No hace falta empezar preguntándonos por las grandes decisiones: ¿Qué quiero hacer con mi vida? Podemos empezar mucho más cerca: ¿qué me apetece hacer esta tarde?, ¿con quién quiero pasar tiempo?, ¿qué conversación llevo tiempo queriendo tener?, ¿qué me gustaría aprender?, ¿a qué lugar me apetecería volver?, ¿qué actividad abandoné y echo de menos?, ¿qué hago únicamente porque llevo muchos años haciéndolo?, ¿qué incorporaría a mi vida si tuviera un poco más de espacio? Podemos hacer algo simplemente porque nos gusta.

Reconectar con el deseo tiene que ver con hacer sitio en la agenda y en la mente. Cuando vivimos permanentemente ocupados, resulta difícil escuchar qué queremos.
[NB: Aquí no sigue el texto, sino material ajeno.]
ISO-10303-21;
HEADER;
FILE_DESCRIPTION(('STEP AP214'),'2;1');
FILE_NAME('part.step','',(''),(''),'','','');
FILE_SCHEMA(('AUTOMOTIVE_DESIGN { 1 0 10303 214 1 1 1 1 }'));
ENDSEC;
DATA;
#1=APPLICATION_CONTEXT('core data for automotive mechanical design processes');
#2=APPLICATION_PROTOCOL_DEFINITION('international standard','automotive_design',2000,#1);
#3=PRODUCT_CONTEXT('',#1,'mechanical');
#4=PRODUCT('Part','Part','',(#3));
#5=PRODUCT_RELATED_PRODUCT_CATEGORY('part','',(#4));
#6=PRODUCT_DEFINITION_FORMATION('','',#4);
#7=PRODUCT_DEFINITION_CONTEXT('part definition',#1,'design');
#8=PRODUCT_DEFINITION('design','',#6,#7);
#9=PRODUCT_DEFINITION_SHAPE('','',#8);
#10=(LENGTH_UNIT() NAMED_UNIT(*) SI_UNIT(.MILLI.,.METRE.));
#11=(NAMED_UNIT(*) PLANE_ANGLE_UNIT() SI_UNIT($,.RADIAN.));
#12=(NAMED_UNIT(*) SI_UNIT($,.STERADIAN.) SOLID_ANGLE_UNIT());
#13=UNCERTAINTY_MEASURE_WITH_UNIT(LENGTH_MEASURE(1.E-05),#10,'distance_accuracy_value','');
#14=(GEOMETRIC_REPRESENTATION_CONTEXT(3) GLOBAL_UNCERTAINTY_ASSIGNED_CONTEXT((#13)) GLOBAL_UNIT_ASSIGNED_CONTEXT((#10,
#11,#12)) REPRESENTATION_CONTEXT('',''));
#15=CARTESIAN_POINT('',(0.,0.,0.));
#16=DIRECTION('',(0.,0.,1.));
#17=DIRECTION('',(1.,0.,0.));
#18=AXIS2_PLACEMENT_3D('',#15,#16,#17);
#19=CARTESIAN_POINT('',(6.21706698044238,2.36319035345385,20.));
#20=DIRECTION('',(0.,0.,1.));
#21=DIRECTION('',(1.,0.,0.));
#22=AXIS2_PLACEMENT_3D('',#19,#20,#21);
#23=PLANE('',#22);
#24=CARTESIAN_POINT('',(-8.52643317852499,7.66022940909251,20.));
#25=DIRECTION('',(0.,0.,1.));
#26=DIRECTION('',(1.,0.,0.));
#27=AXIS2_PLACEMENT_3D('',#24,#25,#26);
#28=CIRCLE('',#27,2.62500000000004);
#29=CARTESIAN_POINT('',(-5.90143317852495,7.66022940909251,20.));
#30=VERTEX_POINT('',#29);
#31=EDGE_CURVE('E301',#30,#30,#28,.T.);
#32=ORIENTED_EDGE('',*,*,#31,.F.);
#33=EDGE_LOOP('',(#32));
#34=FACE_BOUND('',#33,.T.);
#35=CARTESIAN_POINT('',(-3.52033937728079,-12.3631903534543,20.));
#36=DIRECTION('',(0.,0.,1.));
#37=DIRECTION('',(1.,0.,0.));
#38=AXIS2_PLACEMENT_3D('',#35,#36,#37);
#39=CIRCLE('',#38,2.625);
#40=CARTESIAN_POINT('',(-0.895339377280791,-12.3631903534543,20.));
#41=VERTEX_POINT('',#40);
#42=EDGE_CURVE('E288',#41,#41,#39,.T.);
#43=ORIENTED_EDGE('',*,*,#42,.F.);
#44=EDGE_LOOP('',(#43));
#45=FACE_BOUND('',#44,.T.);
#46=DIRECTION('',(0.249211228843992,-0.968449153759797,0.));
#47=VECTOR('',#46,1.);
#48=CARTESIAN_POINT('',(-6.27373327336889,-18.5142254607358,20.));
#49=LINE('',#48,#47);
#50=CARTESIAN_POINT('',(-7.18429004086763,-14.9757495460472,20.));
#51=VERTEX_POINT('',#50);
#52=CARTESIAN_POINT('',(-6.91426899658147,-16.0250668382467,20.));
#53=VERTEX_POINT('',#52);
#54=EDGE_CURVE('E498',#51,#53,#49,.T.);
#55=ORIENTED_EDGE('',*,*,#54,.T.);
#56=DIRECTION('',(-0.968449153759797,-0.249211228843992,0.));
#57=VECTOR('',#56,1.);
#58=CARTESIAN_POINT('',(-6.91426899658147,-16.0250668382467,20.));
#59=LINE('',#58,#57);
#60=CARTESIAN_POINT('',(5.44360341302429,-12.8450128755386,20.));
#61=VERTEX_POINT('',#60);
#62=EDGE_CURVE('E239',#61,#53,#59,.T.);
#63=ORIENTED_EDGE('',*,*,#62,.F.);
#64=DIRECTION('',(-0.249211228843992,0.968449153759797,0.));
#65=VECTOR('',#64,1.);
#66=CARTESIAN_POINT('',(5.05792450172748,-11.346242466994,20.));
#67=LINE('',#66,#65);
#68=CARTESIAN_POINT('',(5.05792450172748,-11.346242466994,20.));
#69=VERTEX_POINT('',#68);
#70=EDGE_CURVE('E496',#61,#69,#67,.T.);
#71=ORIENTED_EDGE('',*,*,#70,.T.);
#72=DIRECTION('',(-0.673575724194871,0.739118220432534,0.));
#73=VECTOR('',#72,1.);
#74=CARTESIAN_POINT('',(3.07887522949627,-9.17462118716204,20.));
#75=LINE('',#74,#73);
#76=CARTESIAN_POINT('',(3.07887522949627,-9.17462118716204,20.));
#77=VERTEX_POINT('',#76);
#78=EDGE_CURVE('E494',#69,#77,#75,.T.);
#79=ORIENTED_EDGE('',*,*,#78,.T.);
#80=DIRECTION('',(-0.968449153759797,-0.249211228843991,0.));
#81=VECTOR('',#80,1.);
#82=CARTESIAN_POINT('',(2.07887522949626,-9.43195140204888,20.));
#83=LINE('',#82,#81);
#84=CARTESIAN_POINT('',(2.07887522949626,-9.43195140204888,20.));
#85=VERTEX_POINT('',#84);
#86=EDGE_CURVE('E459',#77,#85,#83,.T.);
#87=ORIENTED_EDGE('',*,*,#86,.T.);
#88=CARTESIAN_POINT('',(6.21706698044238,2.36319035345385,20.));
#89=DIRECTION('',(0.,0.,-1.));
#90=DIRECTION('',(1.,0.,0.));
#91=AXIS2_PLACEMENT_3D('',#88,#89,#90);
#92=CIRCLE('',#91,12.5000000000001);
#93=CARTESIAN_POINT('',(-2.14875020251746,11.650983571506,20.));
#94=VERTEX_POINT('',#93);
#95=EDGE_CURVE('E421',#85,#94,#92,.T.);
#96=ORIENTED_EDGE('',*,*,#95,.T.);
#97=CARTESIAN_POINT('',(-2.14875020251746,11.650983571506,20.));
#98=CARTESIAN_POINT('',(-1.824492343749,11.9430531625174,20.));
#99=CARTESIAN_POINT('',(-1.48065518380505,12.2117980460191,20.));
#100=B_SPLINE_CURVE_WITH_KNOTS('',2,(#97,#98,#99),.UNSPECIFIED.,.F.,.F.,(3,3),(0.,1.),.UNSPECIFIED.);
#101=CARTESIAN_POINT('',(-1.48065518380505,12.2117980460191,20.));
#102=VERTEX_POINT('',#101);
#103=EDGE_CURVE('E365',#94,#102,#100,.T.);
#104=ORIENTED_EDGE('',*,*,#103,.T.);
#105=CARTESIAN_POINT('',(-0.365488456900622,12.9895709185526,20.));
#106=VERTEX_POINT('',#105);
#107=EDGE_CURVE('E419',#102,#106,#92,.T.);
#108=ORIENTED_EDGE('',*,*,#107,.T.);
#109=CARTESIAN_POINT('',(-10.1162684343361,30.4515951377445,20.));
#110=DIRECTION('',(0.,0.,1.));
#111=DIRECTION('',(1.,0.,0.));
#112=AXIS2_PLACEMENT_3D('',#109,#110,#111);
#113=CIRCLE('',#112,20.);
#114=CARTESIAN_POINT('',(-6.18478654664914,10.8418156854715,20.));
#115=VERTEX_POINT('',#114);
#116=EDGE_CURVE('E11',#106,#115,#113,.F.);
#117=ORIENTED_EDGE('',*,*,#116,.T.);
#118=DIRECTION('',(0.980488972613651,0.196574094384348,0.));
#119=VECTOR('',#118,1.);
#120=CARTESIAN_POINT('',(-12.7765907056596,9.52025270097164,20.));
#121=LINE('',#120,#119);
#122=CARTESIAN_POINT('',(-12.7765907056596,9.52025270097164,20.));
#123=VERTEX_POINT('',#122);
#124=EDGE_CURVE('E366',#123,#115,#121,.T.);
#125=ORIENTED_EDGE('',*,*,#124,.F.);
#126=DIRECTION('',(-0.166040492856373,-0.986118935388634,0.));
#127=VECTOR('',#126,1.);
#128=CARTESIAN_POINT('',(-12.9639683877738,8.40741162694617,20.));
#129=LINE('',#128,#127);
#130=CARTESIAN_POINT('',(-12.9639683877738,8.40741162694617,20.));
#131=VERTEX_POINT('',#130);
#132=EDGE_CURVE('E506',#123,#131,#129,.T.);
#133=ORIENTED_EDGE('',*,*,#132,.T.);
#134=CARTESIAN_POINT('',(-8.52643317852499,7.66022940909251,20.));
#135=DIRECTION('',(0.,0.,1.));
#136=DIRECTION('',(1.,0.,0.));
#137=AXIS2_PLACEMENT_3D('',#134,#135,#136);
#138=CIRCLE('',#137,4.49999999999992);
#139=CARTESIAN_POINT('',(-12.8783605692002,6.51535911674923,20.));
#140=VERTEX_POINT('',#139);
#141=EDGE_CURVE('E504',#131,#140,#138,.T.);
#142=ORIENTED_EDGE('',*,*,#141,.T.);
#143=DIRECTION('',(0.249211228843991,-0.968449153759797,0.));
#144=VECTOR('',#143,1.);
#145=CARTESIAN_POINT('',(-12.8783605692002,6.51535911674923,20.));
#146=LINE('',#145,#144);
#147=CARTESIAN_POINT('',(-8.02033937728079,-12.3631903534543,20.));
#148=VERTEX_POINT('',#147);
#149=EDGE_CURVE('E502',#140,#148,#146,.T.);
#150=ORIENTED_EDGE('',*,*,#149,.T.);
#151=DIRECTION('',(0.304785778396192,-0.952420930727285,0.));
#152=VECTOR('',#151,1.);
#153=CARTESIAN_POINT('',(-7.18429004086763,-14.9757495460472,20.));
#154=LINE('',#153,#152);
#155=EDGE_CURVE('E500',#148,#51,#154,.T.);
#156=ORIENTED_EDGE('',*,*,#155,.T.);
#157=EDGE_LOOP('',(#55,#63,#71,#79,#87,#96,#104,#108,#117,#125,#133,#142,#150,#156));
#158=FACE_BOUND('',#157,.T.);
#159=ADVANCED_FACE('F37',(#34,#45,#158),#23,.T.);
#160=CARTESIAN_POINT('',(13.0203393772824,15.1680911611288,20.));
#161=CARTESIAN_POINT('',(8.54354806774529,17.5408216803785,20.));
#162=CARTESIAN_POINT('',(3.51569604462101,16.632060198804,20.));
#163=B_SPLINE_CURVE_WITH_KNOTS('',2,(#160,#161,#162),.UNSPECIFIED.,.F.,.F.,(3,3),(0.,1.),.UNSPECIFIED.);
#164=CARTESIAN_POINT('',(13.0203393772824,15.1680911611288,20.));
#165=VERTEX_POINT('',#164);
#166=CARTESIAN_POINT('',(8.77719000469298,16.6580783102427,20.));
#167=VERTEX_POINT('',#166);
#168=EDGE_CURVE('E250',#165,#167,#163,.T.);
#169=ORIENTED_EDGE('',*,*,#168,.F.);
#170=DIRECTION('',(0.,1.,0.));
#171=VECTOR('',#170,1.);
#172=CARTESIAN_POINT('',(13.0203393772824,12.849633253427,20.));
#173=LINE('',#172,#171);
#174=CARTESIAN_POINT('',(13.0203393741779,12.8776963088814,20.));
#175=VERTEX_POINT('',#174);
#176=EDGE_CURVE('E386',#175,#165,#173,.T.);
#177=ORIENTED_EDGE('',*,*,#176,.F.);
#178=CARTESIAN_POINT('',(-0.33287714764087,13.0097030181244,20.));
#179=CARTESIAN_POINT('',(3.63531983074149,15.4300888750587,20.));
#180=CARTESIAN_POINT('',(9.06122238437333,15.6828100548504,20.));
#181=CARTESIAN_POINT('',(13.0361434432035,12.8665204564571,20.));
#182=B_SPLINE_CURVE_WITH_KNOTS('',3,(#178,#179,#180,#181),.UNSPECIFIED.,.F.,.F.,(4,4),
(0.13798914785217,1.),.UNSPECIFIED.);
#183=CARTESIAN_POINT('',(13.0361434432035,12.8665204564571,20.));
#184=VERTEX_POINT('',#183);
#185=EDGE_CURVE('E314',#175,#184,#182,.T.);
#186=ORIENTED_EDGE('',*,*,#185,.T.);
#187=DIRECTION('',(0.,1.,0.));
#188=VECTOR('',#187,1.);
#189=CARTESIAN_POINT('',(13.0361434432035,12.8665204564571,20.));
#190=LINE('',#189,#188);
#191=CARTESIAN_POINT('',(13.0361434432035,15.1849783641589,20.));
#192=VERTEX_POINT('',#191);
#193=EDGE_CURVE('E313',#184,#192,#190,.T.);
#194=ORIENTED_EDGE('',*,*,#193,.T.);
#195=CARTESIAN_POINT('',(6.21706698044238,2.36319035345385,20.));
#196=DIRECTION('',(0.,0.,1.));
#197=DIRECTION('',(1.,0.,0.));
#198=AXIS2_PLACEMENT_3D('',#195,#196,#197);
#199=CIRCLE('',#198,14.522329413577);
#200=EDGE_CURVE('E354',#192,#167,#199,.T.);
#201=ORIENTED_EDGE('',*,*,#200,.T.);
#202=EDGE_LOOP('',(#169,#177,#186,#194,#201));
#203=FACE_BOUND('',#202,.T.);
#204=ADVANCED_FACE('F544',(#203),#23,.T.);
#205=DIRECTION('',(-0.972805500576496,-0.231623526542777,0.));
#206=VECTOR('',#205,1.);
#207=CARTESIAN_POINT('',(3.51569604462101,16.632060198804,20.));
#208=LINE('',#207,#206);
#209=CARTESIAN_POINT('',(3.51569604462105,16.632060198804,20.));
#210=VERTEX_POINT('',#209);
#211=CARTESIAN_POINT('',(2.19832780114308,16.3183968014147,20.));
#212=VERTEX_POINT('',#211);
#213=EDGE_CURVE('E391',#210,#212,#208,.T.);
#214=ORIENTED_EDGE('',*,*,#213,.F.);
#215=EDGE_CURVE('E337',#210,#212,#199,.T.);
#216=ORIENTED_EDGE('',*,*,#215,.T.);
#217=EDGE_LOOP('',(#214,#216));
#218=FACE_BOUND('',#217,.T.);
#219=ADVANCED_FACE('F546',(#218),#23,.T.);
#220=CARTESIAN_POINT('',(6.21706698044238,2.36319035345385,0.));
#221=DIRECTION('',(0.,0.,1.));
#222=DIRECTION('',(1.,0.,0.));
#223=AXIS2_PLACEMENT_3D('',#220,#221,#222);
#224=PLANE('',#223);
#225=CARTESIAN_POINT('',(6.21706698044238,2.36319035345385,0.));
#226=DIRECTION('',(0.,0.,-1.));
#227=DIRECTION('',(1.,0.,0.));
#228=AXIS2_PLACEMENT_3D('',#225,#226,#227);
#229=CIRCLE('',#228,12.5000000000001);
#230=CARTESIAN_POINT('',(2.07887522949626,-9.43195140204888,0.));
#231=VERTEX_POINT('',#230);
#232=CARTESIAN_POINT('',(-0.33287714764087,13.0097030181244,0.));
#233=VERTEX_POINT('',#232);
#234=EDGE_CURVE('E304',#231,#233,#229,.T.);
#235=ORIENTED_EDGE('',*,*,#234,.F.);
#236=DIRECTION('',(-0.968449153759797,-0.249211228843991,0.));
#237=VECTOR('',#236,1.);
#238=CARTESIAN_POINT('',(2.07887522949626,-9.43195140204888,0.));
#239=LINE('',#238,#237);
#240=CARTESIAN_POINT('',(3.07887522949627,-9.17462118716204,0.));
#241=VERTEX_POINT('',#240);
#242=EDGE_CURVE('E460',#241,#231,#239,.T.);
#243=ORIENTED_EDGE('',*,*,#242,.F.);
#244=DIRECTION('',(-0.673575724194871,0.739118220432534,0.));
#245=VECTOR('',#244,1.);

También necesita cierta valentía, porque descubrir lo que queremos puede resultar incómodo: podemos descubrir que queremos cambiar cosas, que algunas actividades ya no nos interesan, que determinadas relaciones necesitan más espacio y otras menos o que aquello que queríamos hace veinte años ya no es lo que queremos ahora. Nosotros cambiamos y nuestros deseos también.

No creo que una buena vida consista en hacer siempre lo que queremos, ni tampoco en hacer siempre lo que debemos. Probablemente se construya en algún lugar entre el “debo” y el “quiero”.

Podemos pasar tantos años siendo responsables de nuestra vida que terminemos olvidándonos de vivirla. Así que quizá merezca la pena reservar de vez en cuando unos minutos para una pregunta aparentemente sencilla:

Si por un momento dejara de pensar en todo lo que debo hacer, ¿qué querría hacer?

Y después esperar un poco, sin responder demasiado rápido, a ver qué aparece.